Soucieux de maintenir la propreté de leurs parcelles, les familles libèrent de l’espace domestique en entreposant des déchets ménagers au coin des rues espérant les voir dégager rapidement.
Et ce, en se pliant volontiers aux directives de les rassembler aux points de rassemblement désignés par les autorités urbaines pour évacuation.
Malheureusement, le dispositif public montre ses limites sur le terrain. Ces sites de transit, dépourvus de toute clôture ou mesure de sécurité, ils se transforment rapidement en décharges à ciel ouvert où les immondices stagnent parfois pendant des semaines.
Cette accumulation prolongée au cœur des quartiers et avenues de la ville de Bukavu génère des risques sanitaires et environnementaux alarmants pour le voisinage immédiat.
Le constat est d’un reporter du journal Le Souverain Libre sur terrain ce vendredi 3 juillet 2026.
Le risque est d’autant plus grave que des enfants, inconscients du danger, s’amusent régulièrement à proximité de ces montagnes d’ordures, s’exposant à de graves infections, regrette un habitant du quartier Nyalukemba qui a requis l’anonymat.
Il indique que ces zones de stockage improvisées constituent également des foyers potentiels de prolifération des moustiques.
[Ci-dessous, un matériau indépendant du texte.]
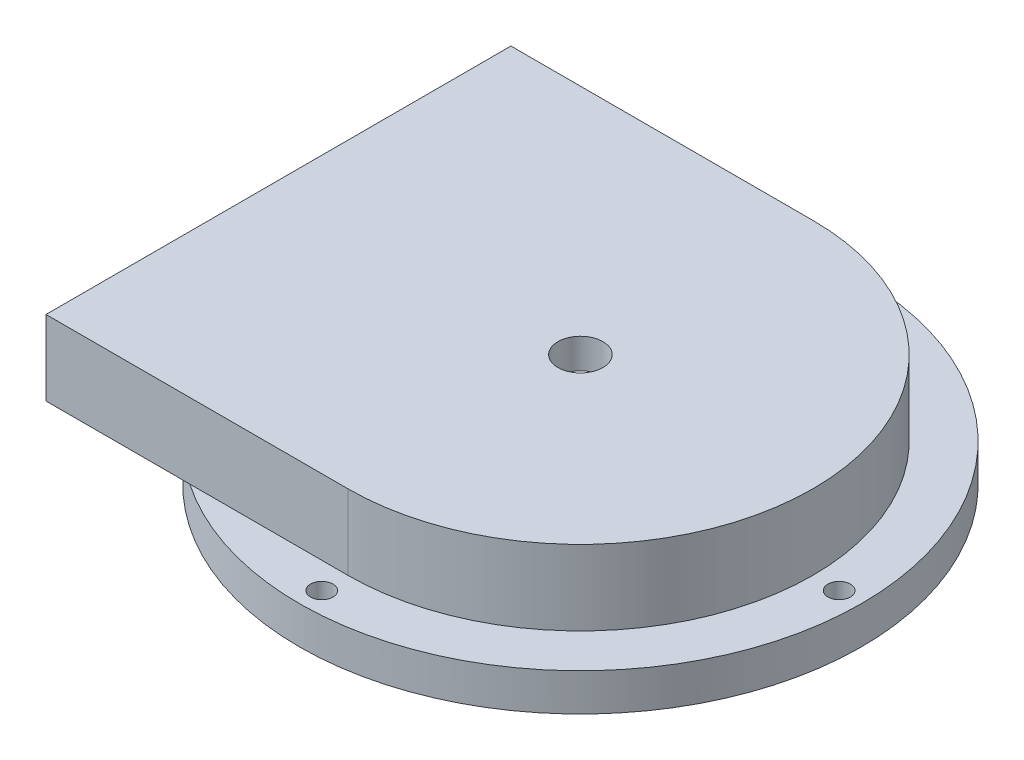
from build123d import *

# Parameters (mm, degrees)
SKETCH1_R               = 37.5
SKETCH1_R_2             = 27.5
BOSS_EXTRUDE1_DEPTH     = 5
BOSS_EXTRUDE2_DEPTH     = 10
SKETCH3_R               = 27.5
CUT_EXTRUDE2_DEPTH      = 6
CUT_EXTRUDE3_DEPTH      = 58.034295486
CUT_EXTRUDE3_DEPTH_BACK = 58.034295486
SKETCH4_R               = 3
SKETCH5_R               = 1.5
CUT_EXTRUDE4_DEPTH      = 56.927728914


with BuildPart() as part:
    # Sketch1 → Boss-Extrude1 (new body)
    with BuildSketch(Plane(origin=(0, 0, 0), x_dir=(1, 0, 0), z_dir=(0, 1, 0))):
        with Locations(Location((0, 0, 0), (0, 0, 270))):
            Circle(SKETCH1_R)
        with Locations(Location((0, 0, 0), (0, 0, 270))):
            Circle(SKETCH1_R_2, mode=Mode.SUBTRACT)
    extrude(amount=BOSS_EXTRUDE1_DEPTH)

    # Sketch2 → Boss-Extrude2 (add)
    with BuildSketch(Plane(origin=(0, 5, 0), x_dir=(1, 0, 0), z_dir=(0, 1, 0))):
        with BuildLine():
            Line((0, 31), (-40.269850528, 31))
            Line((-40.269850528, 31), (-40.269850528, -31))
            Line((-40.269850528, -31), (0, -31))
            ThreePointArc((0, -31), (31, 0), (0, 31))
        make_face()
    extrude(amount=BOSS_EXTRUDE2_DEPTH)

    # Sketch3 → Cut-Extrude2 (cut)
    with BuildSketch(Plane.XZ.offset(-5)):
        with Locations(Location((0, 0, 0), (0, 0, 90))):
            Circle(SKETCH3_R)
    extrude(amount=-CUT_EXTRUDE2_DEPTH, mode=Mode.SUBTRACT)

    # Sketch4 → Cut-Extrude3 (cut, two sides: drawn at the far end of the back side and taken through both)
    with BuildSketch(Plane(origin=(0, 15, 0), x_dir=(1, 0, 0), z_dir=(0, 1, 0)).offset(-CUT_EXTRUDE3_DEPTH_BACK)):
        with Locations(Location((0, 0, 0), (0, 0, 270))):
            Circle(SKETCH4_R)
    extrude(amount=CUT_EXTRUDE3_DEPTH + CUT_EXTRUDE3_DEPTH_BACK, mode=Mode.SUBTRACT)

    # Sketch5 → Cut-Extrude4 (cut, through all)
    with BuildSketch(Plane(origin=(0, 5, 0), x_dir=(1, 0, 0), z_dir=(0, 1, 0))):
        with Locations(Location((34.5, 0, 0), (0, 0, 270))):
            Circle(SKETCH5_R)
        with Locations(Location((0, -34.5, 0), (0, 0, 270))):
            Circle(SKETCH5_R)
        with Locations(Location((-34.5, 0, 0), (0, 0, 270))):
            Circle(SKETCH5_R)
        with Locations(Location((0, 34.5, 0), (0, 0, 270))):
            Circle(SKETCH5_R)
    extrude(amount=-CUT_EXTRUDE4_DEPTH, mode=Mode.SUBTRACT)


solid = part.part

Ce qui entraîne une recrudescence évidente des cas de paludisme, entre autres maladies.
Face à ce péril sanitaire, les habitants de Bukavu, réclament unanimement la pérennisation et l’efficacité du service de ramassage.
Pour eux, Il est désormais urgent que les autorités se mobilisent pour sécuriser ces points de collecte et garantir une évacuation rapide et systématique des déchets afin de préserver la santé des citoyens et de redonner à la ville un environnement sain.